It has been suggested that oxidative stress may participate in the progression of diabetes and its complications. Oxidative damage has been associated with erythrocyte apoptosis induction in other pathological conditions. Our aim was to study the presence of eryptosis and its possible relationship with oxidative damage in sedentary workers with T2DM without CKD (T2DM/CKD(-)) and in sedentary workers with T2DM and CKD (T2DM/CKD(+)).
Methods
The study was designed to determine the presence of eryptosis in T2DM sedentary workers with or without CKD (T2DM/CKD(+) and T2DM/ CKD(-)). In addition to this, we measured plasma total antioxidant capacity as well as oxidative damage, GSH/GSSG ratio, and osmotic fragility in erythrocytes of all groups and its possible association with the PS externalization in erythrocytes Data were analysed, using STATISTICA statistical software version 6.0.
Results
Oxidative damage of lipids erythrocytes were increased in sedentary workers. The highest lipoperoxidation was found in T2DM/CKD(+). Likewise, the lower plasma total antioxidant capacity, GSH/GSSG ratio, and GSH in erythrocytes were found in T2DM/CKD(+). A negative correlation was found between plasma total antioxidant capacity and oxidative damage. Phosphatidylserine (PS) externalization was measured in erythrocytes to evaluate eryptosis. The eryptosis in erythrocytes of T2DM/CKD(+) workers was higher than in healthy subjects and T2DM/CKD(-).
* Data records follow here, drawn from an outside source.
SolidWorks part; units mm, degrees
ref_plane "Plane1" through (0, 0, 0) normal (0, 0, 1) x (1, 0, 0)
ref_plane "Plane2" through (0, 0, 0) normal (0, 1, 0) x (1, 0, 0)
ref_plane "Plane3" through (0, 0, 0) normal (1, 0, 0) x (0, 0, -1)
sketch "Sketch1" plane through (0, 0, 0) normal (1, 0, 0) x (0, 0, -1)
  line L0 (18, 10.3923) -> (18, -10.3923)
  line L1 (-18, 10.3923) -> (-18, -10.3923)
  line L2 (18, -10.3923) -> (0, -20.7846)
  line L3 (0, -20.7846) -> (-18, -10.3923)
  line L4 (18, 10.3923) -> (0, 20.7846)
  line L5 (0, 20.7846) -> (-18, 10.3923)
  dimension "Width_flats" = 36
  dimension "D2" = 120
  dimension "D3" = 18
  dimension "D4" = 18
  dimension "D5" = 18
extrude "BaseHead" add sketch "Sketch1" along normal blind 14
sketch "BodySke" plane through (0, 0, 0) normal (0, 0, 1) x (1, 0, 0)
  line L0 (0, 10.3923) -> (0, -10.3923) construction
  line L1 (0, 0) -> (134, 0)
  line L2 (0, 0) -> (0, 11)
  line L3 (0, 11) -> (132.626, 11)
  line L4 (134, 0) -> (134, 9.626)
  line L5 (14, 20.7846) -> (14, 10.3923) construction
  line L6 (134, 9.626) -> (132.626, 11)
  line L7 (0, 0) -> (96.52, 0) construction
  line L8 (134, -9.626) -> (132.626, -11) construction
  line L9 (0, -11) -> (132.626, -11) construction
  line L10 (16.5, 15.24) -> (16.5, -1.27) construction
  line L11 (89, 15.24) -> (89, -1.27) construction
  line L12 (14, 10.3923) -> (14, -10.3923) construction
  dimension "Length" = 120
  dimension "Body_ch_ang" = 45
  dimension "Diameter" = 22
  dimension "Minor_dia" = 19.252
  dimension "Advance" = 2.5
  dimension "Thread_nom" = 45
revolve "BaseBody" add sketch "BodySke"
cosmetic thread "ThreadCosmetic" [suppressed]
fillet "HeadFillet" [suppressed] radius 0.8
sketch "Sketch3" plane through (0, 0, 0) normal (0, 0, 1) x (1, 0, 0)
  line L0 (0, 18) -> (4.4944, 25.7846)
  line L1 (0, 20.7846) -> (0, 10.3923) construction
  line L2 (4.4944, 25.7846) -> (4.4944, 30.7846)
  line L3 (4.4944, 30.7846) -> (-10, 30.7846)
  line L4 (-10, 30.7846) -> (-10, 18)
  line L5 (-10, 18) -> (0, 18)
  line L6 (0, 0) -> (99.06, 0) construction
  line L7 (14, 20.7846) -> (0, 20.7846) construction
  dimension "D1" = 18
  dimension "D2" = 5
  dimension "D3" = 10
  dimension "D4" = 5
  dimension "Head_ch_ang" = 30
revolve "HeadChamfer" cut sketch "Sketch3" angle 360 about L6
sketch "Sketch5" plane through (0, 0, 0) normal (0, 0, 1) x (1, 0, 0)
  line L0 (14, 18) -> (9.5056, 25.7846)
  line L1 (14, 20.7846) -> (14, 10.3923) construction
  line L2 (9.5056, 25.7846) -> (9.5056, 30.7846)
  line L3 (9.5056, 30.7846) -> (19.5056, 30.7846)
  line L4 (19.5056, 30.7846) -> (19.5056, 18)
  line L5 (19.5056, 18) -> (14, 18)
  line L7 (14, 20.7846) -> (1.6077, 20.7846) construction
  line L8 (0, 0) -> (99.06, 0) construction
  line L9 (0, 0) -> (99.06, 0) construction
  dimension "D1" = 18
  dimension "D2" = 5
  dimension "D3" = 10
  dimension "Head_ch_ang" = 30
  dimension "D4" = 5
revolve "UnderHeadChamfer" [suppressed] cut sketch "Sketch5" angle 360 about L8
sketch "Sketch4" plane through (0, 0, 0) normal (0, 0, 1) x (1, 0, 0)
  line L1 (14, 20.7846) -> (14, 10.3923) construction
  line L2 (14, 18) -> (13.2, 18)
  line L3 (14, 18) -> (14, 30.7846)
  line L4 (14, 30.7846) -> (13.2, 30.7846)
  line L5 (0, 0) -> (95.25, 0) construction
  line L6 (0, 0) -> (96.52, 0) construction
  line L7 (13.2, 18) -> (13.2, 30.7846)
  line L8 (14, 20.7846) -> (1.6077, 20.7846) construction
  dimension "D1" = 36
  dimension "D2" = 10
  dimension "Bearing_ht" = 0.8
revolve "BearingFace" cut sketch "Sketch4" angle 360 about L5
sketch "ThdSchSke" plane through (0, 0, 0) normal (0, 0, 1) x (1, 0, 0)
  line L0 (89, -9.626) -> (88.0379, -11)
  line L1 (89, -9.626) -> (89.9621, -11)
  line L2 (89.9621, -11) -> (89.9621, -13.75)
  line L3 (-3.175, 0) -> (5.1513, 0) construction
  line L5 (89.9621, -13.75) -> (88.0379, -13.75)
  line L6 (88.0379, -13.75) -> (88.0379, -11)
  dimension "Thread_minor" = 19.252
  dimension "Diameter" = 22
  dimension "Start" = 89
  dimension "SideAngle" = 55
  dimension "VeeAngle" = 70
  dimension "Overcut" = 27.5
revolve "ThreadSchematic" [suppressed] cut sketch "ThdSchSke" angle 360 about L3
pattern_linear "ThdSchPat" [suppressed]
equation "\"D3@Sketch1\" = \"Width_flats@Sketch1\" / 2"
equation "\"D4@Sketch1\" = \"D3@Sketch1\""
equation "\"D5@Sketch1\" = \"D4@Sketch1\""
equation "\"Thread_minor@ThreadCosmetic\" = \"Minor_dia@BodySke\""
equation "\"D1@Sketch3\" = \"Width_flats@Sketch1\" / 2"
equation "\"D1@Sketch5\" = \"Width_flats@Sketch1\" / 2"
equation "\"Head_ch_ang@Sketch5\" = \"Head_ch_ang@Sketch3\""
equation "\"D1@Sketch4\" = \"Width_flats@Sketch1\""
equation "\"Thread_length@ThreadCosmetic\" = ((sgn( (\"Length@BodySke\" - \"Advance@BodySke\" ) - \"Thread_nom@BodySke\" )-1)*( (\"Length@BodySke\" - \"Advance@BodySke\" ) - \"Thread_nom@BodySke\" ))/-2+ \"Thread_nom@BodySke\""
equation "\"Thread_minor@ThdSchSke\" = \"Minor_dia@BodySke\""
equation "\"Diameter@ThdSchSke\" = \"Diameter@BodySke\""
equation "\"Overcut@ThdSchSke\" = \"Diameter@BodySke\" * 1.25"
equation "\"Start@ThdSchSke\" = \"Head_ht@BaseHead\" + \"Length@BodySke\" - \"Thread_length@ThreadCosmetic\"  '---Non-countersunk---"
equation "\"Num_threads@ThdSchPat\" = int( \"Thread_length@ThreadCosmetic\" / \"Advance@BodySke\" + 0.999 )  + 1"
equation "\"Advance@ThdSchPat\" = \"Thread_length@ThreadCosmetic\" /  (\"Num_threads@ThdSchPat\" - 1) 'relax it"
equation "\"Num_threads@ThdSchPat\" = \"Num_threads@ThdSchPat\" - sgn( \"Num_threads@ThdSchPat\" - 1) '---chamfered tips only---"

A positive correlation between lipoperoxidation and PS externalization in erythrocytes was found.
Discussion
This study showed that the erythrocytes of diabetic sedentary workers have increased oxidative damage, a reduction of antioxidant systems and more erythrocyte PS externalization. The duration of diabetes and the presence of CKD increase both oxidative damage and eryptosis. It is possible that a longer time of evolution induces an increase in erythrocyte oxidative damage and the consumption of blood antioxidant systems, adding to the osmotic stress in CKD and so contributes to an increase in PS externalization in erythrocytes of diabetic sedentary workers.